Faut-il absolument se coucher avant minuit, sept heures avant la sonnerie du réveil, ou seulement lorsqu'on se sent fatigué? Préparez vos tisanes et vos pantoufles: une étude réalisée fin 2021 et citée par la Société européenne de cardiologie, vient de clarifier cette épineuse question.
«Le corps possède un rythme circadien, soit une horloge interne enclenchée 24 heures sur 24, qui contribue à réguler le fonctionnement de l'organisme», déclare David Plans, chercheur à l'université britannique d'Exeter et l'un des principaux auteurs de la recherche. Pour cette raison, bien que l'étude épidémiologique ne permette pas d'établir un lien de cause à effet, il semblerait que le fait de se coucher trop tôt ou trop tard soit plus susceptible d'endommager le rythme circadien et d'avoir des effets négatifs sur la santé cardiovasculaire.
L'horaire optimal: entre 22 et 23 heures
Pour aboutir à cette conclusion, les chercheurs ont analysé les données de 88'026 personnes issues du registre britannique «UK Biobank», enregistrées entre 2006 et 2010. L'âge moyen des participants, dont 58% étaient des femmes, s'élevait à 61 ans.
Ces informations, obtenues au moyen de questionnaires détaillés, ont ensuite été comparées à la fréquence d'apparition de maladies cardiovasculaires telles que l'infarctus du myocarde, l'accident vasculaire cérébral et les cardiopathies ischémiques chroniques.
Résultat: l'apparition d'une maladie cardiovasculaire a été enregistrée chez 3'172 participants, soit 3,6%, au cours d'une période d'observation moyenne de 5,7 ans. Le taux le plus faible a été observé chez les personnes s'étant régulièrement couchées entre 22h et 23h.

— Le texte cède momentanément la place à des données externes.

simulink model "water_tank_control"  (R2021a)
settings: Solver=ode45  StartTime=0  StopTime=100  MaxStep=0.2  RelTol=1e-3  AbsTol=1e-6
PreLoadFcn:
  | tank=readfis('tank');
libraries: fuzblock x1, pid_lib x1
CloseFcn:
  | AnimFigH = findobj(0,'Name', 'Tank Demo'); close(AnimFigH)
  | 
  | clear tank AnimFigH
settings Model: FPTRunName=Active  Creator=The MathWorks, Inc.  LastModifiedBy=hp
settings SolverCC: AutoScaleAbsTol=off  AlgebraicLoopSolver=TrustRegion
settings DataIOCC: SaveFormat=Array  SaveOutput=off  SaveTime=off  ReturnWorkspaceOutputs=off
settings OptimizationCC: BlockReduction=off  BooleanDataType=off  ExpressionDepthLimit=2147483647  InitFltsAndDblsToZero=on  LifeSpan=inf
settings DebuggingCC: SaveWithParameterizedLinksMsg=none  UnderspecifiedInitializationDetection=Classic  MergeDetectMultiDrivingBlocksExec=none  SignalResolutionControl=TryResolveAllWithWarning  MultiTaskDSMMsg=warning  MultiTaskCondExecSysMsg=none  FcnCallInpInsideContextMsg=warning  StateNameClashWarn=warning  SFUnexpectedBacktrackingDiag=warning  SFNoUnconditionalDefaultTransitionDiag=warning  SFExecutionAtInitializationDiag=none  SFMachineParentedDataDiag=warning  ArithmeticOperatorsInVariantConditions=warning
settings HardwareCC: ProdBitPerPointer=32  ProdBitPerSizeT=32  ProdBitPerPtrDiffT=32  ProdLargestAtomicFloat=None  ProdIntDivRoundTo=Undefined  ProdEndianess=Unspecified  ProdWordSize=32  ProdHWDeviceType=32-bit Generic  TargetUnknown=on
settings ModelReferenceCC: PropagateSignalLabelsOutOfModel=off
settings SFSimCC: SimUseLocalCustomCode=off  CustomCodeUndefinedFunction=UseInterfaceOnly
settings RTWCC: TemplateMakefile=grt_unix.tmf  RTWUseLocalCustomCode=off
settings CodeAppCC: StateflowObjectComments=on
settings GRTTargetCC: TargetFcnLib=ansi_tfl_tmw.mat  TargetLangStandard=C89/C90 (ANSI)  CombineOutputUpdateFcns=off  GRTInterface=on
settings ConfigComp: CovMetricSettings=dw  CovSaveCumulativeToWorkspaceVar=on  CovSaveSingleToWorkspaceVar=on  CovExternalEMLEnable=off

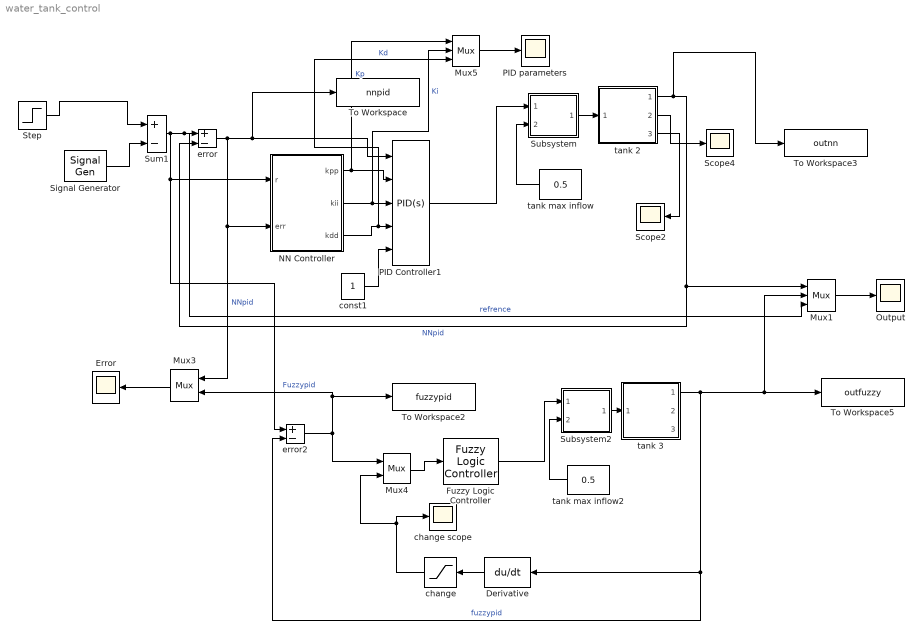
== system water_tank_control ==
  Derivative : Derivative
  Error : Scope
  Fuzzy Logic Controller : fuzblock/Fuzzy Logic  Controller  FIS=tank  OutputSampleNumber=101  DataType=double  FuzzifiedInputs=off  RuleFiringStrengths=off  RuleOutputs=off  AggregatedOutputs=off  SimulateUsing=Interpreted execution  OutOfRangeInputValueMessage=warning  NoRuleFiredMessage=warning  EmptyOutputFuzzySetMessage=warning
  Mux1 : Mux  Inputs=3
  Mux3 : Mux  Inputs=2
  Mux4 : Mux  Inputs=2
  Mux5 : Mux  Inputs=3
  NN Controller : MATLAB Function  TreatAsAtomicUnit=on
  Output : Scope
  PID Controller1 : pid_lib/PID Controller  Controller=PID  Form=Parallel  TimeDomain=Continuous-time  UseExternalTs=off  SampleTime=1  IntegratorMethod=Forward Euler  FilterMethod=Forward Euler  ControllerParametersSource=external  P=2  I=0  D=1  UseFilter=on  N=100  TunerSelectOption=Transfer Function Based (PID Tuner App)  InitialConditionSource=internal  InitialConditionForIntegrator=0  InitialConditionForFilter=0  DifferentiatorICPrevScaledInput=0  ExternalReset=none  TrackingMode=off  Kt=1  LimitOutput=on  SatLimitsSource=internal  UpperSaturationLimit=inf  LowerSaturationLimit=-inf  LinearizeAsGain=off  AntiWindupMode=back-calculation  Kb=1  POutMin=[]  POutMax=[]  IOutMin=[]  IOutMax=[]  DOutMin=[]  DOutMax=[]  NOutMin=[]  NOutMax=[]  SumOutMin=[]  SumOutMax=[]  SaturationOutMin=[]  SaturationOutMax=[]  PParamMin=[]  PParamMax=[]  IParamMin=[]  IParamMax=[]  DParamMin=[]  DParamMax=[]  NParamMin=[]  NParamMax=[]  KbParamMin=[]  KbParamMax=[]  KtParamMin=[]  KtParamMax=[]  KbOutMin=[]  KbOutMax=[]  KtOutMin=[]  KtOutMax=[]  IntegratorOutMin=[]  IntegratorOutMax=[]  FilterOutMin=[]  FilterOutMax=[]  SumI1OutMin=[]  SumI1OutMax=[]  SumI2OutMin=[]  SumI2OutMax=[]  SumI3OutMin=[]  SumI3OutMax=[]  SumI4OutMin=[]  SumI4OutMax=[]  SumDOutMin=[]  SumDOutMax=[]  DifferentiatorOutMin=[]  DifferentiatorOutMax=[]  FilterDiffOutCoefMin=[]  FilterDiffOutCoefMax=[]  ReciprocalOutMin=[]  ReciprocalOutMax=[]  SumDenOutMin=[]  SumDenOutMax=[]  SumNumOutMin=[]  SumNumOutMax=[]  DivideOutMin=[]  DivideOutMax=[]  UdiffTsProdOutMin=[]  UdiffTsProdOutMax=[]  NTsProdOutMin=[]  NTsProdOutMax=[]  UintegralTsProdOutMin=[]  UintegralTsProdOutMax=[]  UngainTsProdOutMin=[]  UngainTsProdOutMax=[]  IntegratorContinuousStateAttributes=''  IntegratorStateMustResolveToSignalObject=off  IntegratorRTWStateStorageClass=Auto  FilterContinuousStateAttributes=''  FilterStateMustResolveToSignalObject=off  FilterRTWStateStorageClass=Auto  ParallelPVariant=ExternalParameters  IdealPVariant=Disabled  IVariant=ExternalParameters  DVariant=ExternalParameters  IntegratorVariant=Continuous  SatVariant=Enabled  AWVariant=BackCalculation  PCopyVariant=Disabled  TRVariant=Disabled  FdbkBlocksVariant=Forward  IdealPFdbkVariant=Disabled  SatFdbkVariant=Disabled  DerivativeFilterVariant=ContFilter  NVariant=ExternalParameters  NCopyVariant=Disabled  FilterICVariant=InternalICsFilter  IntegratorICVariant=InternalICs  ExternalResetVariant=Disabled  TRSumVariant=Passthrough  SumFdbkVariant=Disabled  SumVariant=Sum_PID  TsampFilterVariant=InternalTs  TsampNgainVariant=Passthrough  TsampIntegralVariant=Passthrough  ExternalSaturationOutDataTypeStr=Inherit: Same as second input
  PID parameters : Scope
  Scope2 : Scope
  Scope4 : Scope
  Signal Generator : SignalGenerator  WaveForm=square  Amplitude=0.500000  Frequency=0.100000  Units=rad/sec
  Step : Step  Before=1  SampleTime=0
  Subsystem : Subsystem  mask(Valve){InitialPosition=0}
      mask prompts: InitialPosition "Initial position [0=closed 1=open]:"
      mask help: Valve
      mask Display: disp('VALVE')
  Subsystem2 : Subsystem  mask(Valve){InitialPosition=0}
      mask prompts: InitialPosition "Initial position [0=closed 1=open]:"
      mask help: Valve
      mask Display: disp('VALVE')
  Sum1 : Sum  Inputs=+-  InputSameDT=on  SaturateOnIntegerOverflow=on  OutDataTypeStr=Inherit: Same as first input
  To Workspace : ToWorkspace  VariableName=nnpid  SaveFormat=Timeseries  SampleTime=-1
  To Workspace2 : ToWorkspace  VariableName=fuzzypid  SaveFormat=Timeseries  SampleTime=-1
  To Workspace3 : ToWorkspace  VariableName=outnn  SaveFormat=Timeseries  SampleTime=-1
  To Workspace5 : ToWorkspace  VariableName=outfuzzy  SaveFormat=Timeseries  SampleTime=-1
  change : Saturate  UpperLimit=0.1  LowerLimit=-0.1
  change scope : Scope
  const1 : Constant
  error : Sum  Inputs=+-  InputSameDT=on  SaturateOnIntegerOverflow=on  OutDataTypeStr=Inherit: Same as first input
  error2 : Sum  Inputs=+-  InputSameDT=on  SaturateOnIntegerOverflow=on  OutDataTypeStr=Inherit: Same as first input
  tank 2 : Subsystem  mask(Water tank){ht=2, area=1, outletArea=0.05, overflowLimit=0, initialHt=0}
      mask prompts: ht "Height of tank (m):"; area "Bottom area (m^2):"; outletArea "Out pipe crossection (m^2):"; overflowLimit "Overflow sensor distance from top (m):"; initialHt "Initial level height (m):"
      mask help: Cylindrical water tank with overflow signal
      mask Display: disp('WATER\nTANK')
  tank 3 : Subsystem  mask(Water tank){ht=2, area=1, outletArea=0.05, overflowLimit=0, initialHt=0}
      mask prompts: ht "Height of tank (m):"; area "Bottom area (m^2):"; outletArea "Out pipe crossection (m^2):"; overflowLimit "Overflow sensor distance from top (m):"; initialHt "Initial level height (m):"
      mask help: Cylindrical water tank with overflow signal
      mask Display: disp('WATER\nTANK')
  tank max inflow : Constant  Value=0.5
  tank max inflow2 : Constant  Value=0.5
  wires:
  tank 2/2(flow out) -> Scope4/1
  tank max inflow/1 -> Subsystem/2(source flow)
  Signal Generator/1 -> Sum1/2
  Subsystem/1(out flow) -> tank 2/1(flow in)
  tank 2/1(water level) -> To Workspace3/1, Mux1/1, error/2  "NNpid"
  Sum1/1 -> error2/1, NN Controller/1(r), Mux1/3, error/1  "refrence"
  tank 2/3(overflow flag) -> Scope2/1
  NN Controller/2(kii) -> Mux5/2, PID Controller1/3  "Ki"
  NN Controller/3(kdd) -> Mux5/3, PID Controller1/4  "Kd"
  NN Controller/1(kpp) -> PID Controller1/2, Mux5/1  "Kp"
  const1/1 -> PID Controller1/5
  Mux1/1 -> Output/1
  Mux3/1 -> Error/1
  Derivative/1 -> change/1
  tank max inflow2/1 -> Subsystem2/2(source flow)
  Mux4/1 -> Fuzzy Logic Controller/1
  Subsystem2/1(out flow) -> tank 3/1(flow in)
  tank 3/1(water level) -> error2/2, Derivative/1, Mux1/2, To Workspace5/1  "fuzzypid"
  change/1 -> Mux4/2, change scope/1
  error2/1 -> To Workspace2/1, Mux3/2, Mux4/1  "Fuzzypid"
  error/1 -> PID Controller1/1, To Workspace/1, NN Controller/2(err), Mux3/1  "NNpid"
  Mux5/1 -> PID parameters/1
  PID Controller1/1 -> Subsystem/1(control)
  Fuzzy Logic Controller/1 -> Subsystem2/1(control)
  Step/1 -> Sum1/1

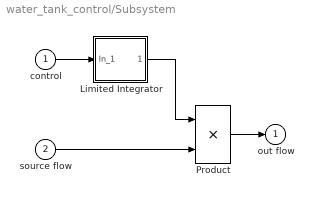
== system water_tank_control/Subsystem ==
  control : Inport
  source flow : Inport  Port=2
  Limited Integrator : Subsystem  mask(Limited integrator.){lb=0, ub=1, xi=InitialPosition}
      mask prompts: lb "Lower bound:"; ub "Upper bound:"; xi "Initial condition"
      mask help: Limited integrator
      mask Help: Implements a limited integrator with \nan expression of the form:\n\nif(x<=lb and u<0) or (x>=ub and u>0)\n\txdot=0\nelse\n\txdot=u.
      mask Display: plot(-1,-0.2,3.5,1.2,[0.05,1,2,2.9],[0,0,1,1]);disp(' 1/s    ')
  Product : Product  InputSameDT=on  RndMeth=Zero  SaturateOnIntegerOverflow=on  OutDataTypeStr=Inherit: Same as first input
  out flow : Outport  InitialOutput=0  VectorParamsAs1DForOutWhenUnconnected=off
  wires:
  source flow/1 -> Product/2
  Product/1 -> out flow/1
  control/1 -> Limited Integrator/1(In_1)
  Limited Integrator/1(Out_1) -> Product/1

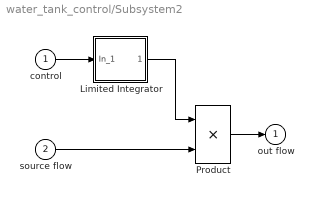
== system water_tank_control/Subsystem2 ==
  control : Inport
  source flow : Inport  Port=2
  Limited Integrator : Subsystem  mask(Limited integrator.){lb=0, ub=1, xi=InitialPosition}
      mask prompts: lb "Lower bound:"; ub "Upper bound:"; xi "Initial condition"
      mask help: Limited integrator
      mask Help: Implements a limited integrator with \nan expression of the form:\n\nif(x<=lb and u<0) or (x>=ub and u>0)\n\txdot=0\nelse\n\txdot=u.
      mask Display: plot(-1,-0.2,3.5,1.2,[0.05,1,2,2.9],[0,0,1,1]);disp(' 1/s    ')
  Product : Product  InputSameDT=on  RndMeth=Zero  SaturateOnIntegerOverflow=on  OutDataTypeStr=Inherit: Same as first input
  out flow : Outport  InitialOutput=0  VectorParamsAs1DForOutWhenUnconnected=off
  wires:
  source flow/1 -> Product/2
  Product/1 -> out flow/1
  control/1 -> Limited Integrator/1(In_1)
  Limited Integrator/1(Out_1) -> Product/1

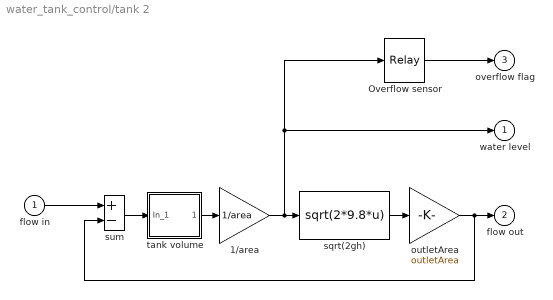
== system water_tank_control/tank 2 ==
  flow in : Inport
  1/area : Gain  Gain=1/area  SaturateOnIntegerOverflow=on  OutDataTypeStr=Inherit: Same as input  ParamDataTypeStr=Inherit: Same as input
  Overflow sensor : Relay  OnSwitchValue=ht - overflowLimit  OffSwitchValue=ht - overflowLimit
  outletArea : Gain  Gain=outletArea  SaturateOnIntegerOverflow=on  OutDataTypeStr=Inherit: Same as input  ParamDataTypeStr=Inherit: Same as input
  sqrt(2gh) : Fcn  Expr=sqrt(2*9.8*u)
  sum : Sum  Inputs=+-  InputSameDT=on  SaturateOnIntegerOverflow=on  OutDataTypeStr=Inherit: Same as first input
  tank volume : Subsystem  mask(Limited integrator.){lb=0, ub=ht * area, xi=initialHt * area}
      mask prompts: lb "Lower bound:"; ub "Upper bound:"; xi "Initial condition"
      mask help: Limited integrator
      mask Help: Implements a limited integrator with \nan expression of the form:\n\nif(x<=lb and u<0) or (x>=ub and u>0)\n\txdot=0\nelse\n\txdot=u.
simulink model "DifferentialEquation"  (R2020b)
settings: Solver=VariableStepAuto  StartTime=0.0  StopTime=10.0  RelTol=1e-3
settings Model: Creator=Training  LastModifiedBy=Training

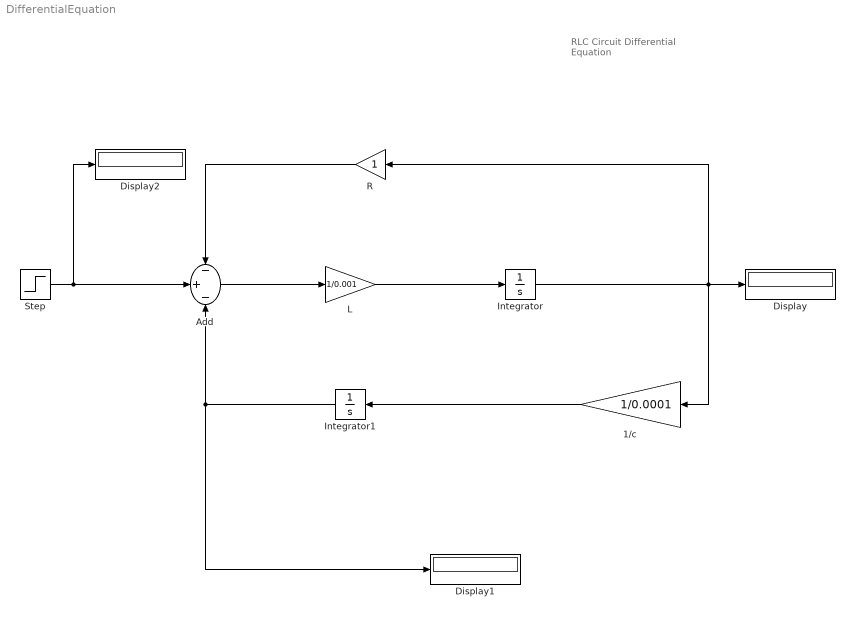
== system DifferentialEquation ==
  note: RLC Circuit
      | Differential Equation
  1/c : Gain  Gain=1/0.0001
  Add : Sum  Inputs=-+-
  Display : Display
  Display1 : Display
  Display2 : Display
  Integrator : Integrator
  Integrator1 : Integrator
  L : Gain  Gain=1/0.001
  R : Gain
  Step : Step  SampleTime=0
  wires:
  Step/1 -> Display2/1, Add/2
  R/1 -> Add/1
  Add/1 -> L/1
  L/1 -> Integrator/1
  Integrator/1 -> R/1, Display/1, 1/c/1
  Integrator1/1 -> Display1/1, Add/3
  1/c/1 -> Integrator1/1
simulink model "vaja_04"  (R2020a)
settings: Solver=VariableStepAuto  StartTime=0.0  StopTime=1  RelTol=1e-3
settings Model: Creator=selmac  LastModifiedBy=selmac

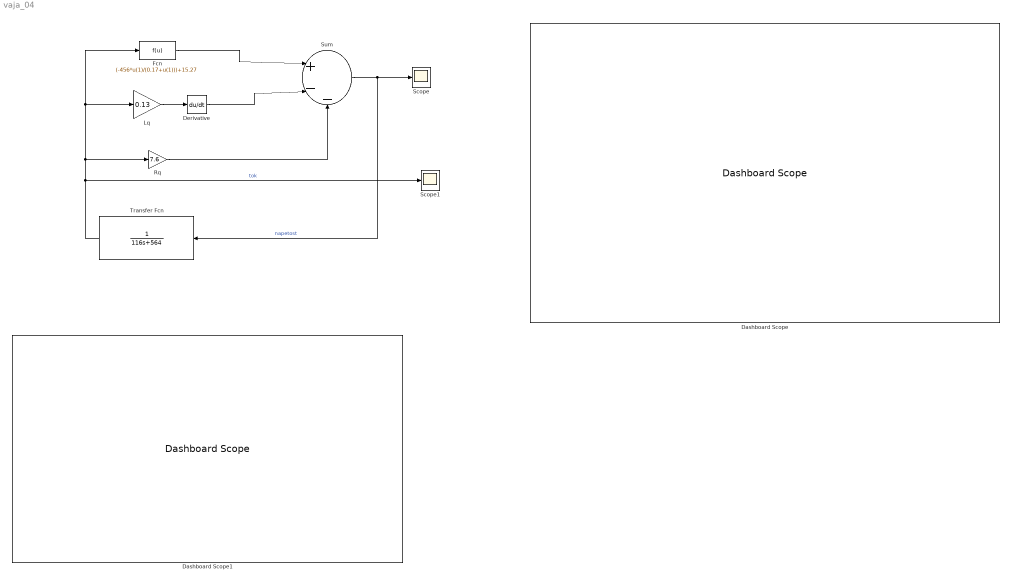
== system vaja_04 ==
  Dashboard Scope : DashboardScope  Ymin=0  Ymax=400
  Dashboard Scope1 : DashboardScope  Ymin=0  Ymax=0.8
  Derivative : Derivative
  Fcn : Fcn  Expr=(-456*u(1)/(0.17+u(1)))+15.27
  Lq : Gain  Gain=0.13
  Rq : Gain  Gain=7.6
  Scope : Scope
  Scope1 : Scope
  Sum : Sum  Inputs=|+--
  Transfer Fcn : TransferFcn  Denominator=[116 564]
  wires:
  Fcn/1 -> Sum/1
  Lq/1 -> Derivative/1
  Derivative/1 -> Sum/2
  Rq/1 -> Sum/3
  Sum/1 -> Transfer Fcn/1, Scope/1  "napetost"
  Transfer Fcn/1 -> Scope1/1, Rq/1, Lq/1, Fcn/1  "tok"
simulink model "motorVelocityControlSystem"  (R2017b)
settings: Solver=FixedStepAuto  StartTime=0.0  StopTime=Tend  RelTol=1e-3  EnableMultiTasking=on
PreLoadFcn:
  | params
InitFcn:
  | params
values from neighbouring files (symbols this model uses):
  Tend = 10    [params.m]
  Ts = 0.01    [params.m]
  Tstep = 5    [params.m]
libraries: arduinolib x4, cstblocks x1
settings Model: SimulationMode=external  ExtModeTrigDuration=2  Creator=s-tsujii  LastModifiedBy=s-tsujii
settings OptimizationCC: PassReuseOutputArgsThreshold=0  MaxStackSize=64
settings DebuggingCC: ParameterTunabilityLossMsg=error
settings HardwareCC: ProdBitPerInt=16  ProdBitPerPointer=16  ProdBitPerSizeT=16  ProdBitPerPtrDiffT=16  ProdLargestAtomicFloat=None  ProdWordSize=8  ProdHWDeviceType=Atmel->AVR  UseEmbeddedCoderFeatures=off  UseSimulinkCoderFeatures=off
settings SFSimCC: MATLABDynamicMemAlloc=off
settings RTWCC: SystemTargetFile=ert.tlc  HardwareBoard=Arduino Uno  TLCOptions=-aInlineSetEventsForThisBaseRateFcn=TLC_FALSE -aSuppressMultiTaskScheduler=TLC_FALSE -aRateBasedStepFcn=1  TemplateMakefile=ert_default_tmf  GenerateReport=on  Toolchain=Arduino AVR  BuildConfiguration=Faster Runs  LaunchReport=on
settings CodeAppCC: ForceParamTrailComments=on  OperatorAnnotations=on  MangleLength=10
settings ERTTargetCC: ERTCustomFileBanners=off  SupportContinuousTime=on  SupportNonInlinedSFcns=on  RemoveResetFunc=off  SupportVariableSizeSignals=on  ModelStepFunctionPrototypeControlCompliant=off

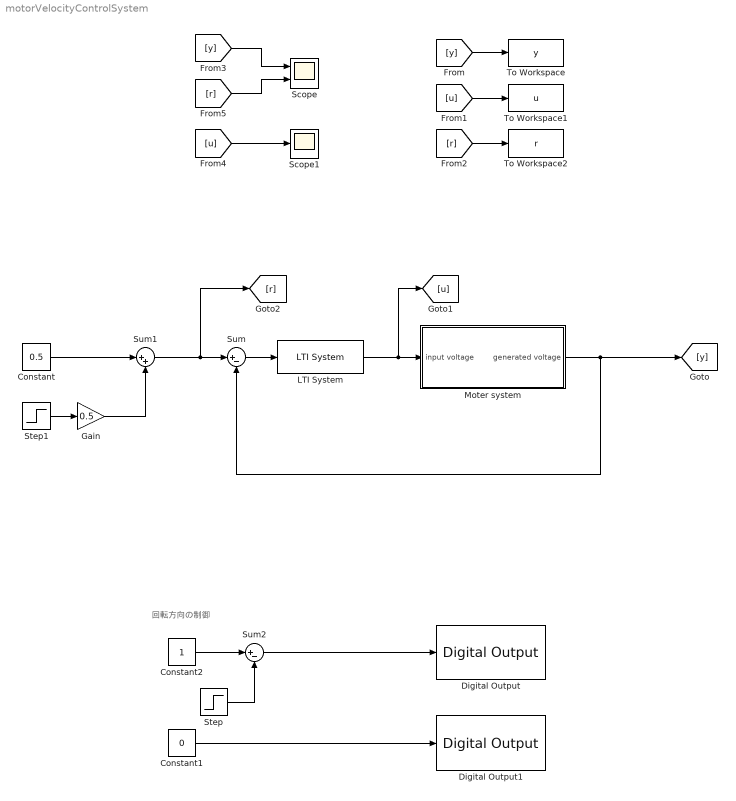
== system motorVelocityControlSystem ==
  note: 回転方向の制御
  Constant : Constant  Value=0.5
  Constant1 : Constant  Value=0
  Constant2 : Constant
  Digital Output : arduinolib/Digital Output  pinNumber=6  blockPlatform=arduino
  Digital Output1 : arduinolib/Digital Output  pinNumber=7  blockPlatform=arduino
  Gain : Gain  Gain=0.5
  LTI System : cstblocks/LTI System  sys=Cfb  IC=[]
  Moter system : Subsystem
  Scope : Scope  NumInputPorts=2
  Scope1 : Scope
  Step : Step  Time=Tend-Ts  SampleTime=Ts
  Step1 : Step  Time=Tstep  SampleTime=Ts
  Sum : Sum  Inputs=|+-
  Sum1 : Sum  Inputs=|++
  Sum2 : Sum  Inputs=|+-
  To Workspace : ToWorkspace  VariableName=y  SaveFormat=Structure With Time  SampleTime=-1
  To Workspace1 : ToWorkspace  VariableName=u  SaveFormat=Structure With Time  SampleTime=-1
  To Workspace2 : ToWorkspace  VariableName=r  SaveFormat=Structure With Time  SampleTime=-1
  wires:
  Sum/1 -> LTI System/1
  Sum1/1 -> [r], Sum/1
  Sum2/1 -> Digital Output/1
  Constant1/1 -> Digital Output1/1
  Constant2/1 -> Sum2/1
  Step/1 -> Sum2/2
  Moter system/1(generated voltage) -> Sum/2, [y]
  [y] -> To Workspace/1
  LTI System/1 -> [u], Moter system/1(input voltage)
  [u] -> To Workspace1/1
  [r] -> To Workspace2/1
  [y] -> Scope/1
  [r] -> Scope/2
  [u] -> Scope1/1
  Constant/1 -> Sum1/1
  Step1/1 -> Gain/1
  Gain/1 -> Sum1/2

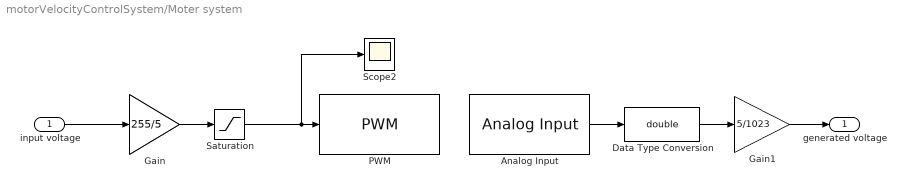
== system motorVelocityControlSystem/Moter system ==
  input voltage : Inport
  Analog Input : arduinolib/Analog Input  pinNumber=0  sampleTime=Ts  blockPlatform=arduino
  Data Type Conversion : DataTypeConversion  OutDataTypeStr=double
  Gain : Gain  Gain=255/5
  Gain1 : Gain  Gain=5/1023
  PWM : arduinolib/PWM  pinNumber=5  blockPlatform=arduino
  Saturation : Saturate  UpperLimit=255
  Scope2 : Scope
  generated voltage : Outport
  wires:
  Analog Input/1 -> Data Type Conversion/1
  Saturation/1 -> PWM/1, Scope2/1
  Gain1/1 -> generated voltage/1
  Data Type Conversion/1 -> Gain1/1
  input voltage/1 -> Gain/1
  Gain/1 -> Saturation/1

Se coucher trop tôt est tout aussi néfaste
Ainsi que le souligne la plateforme de l'université américaine Harvard, l'habitude de se coucher trop tard (soit après 23h) est tout aussi contreproductive que celle de s'endormir trop tôt (avant 22h).
En effet, les personnes qui se glissaient sous la couette après minuit voyaient leur risque de contracter une maladie cardiovasculaire augmenter de 25%. Celles qui se couchaient entre 23h et 24h présentaient déjà un risque accru de 12%.
Or, étonnamment, les participants qui tendaient à rejoindre leur lit avant 22h n'étaient pas mieux lotis pour autant: leur risque s'élevait à 24%, soit presque autant que les couche-tard. «S'endormir à partir de 24 heures s'est avéré être le plus risqué, peut-être parce que cela empêche de voir la lumière du jour matinale, indispensable à la régulation de l'horloge interne», résume David Plans.
Les femmes sont plus affectées
Autre constat significatif: dans l'ensemble, l'étude souligne que les effets néfastes d'un coucher tardif sont nettement plus importants pour les femmes que pour les hommes. Ainsi que le précisait la Fondation américaine du sommeil en mars 2024, les rythmes circadiens des hommes et des femmes sont sensiblement différents, dans la mesure où ces dernières ont besoin de dormir davantage.
D'un point de vue purement biologique, les femmes tendent effectivement à présenter un sommeil plus fragmenté (surtout à certains moments du cycle menstruel), bien que leurs phases de sommeil profond soient plus longues et que leurs taux de mélatonine connaissent des pics plus importants. Sans oublier que certaines exigences et pressions sociales, comme l'allaitement et le soin des jeunes enfants, contribuent aussi à accroître leur dette de sommeil, dans de nombreux cas.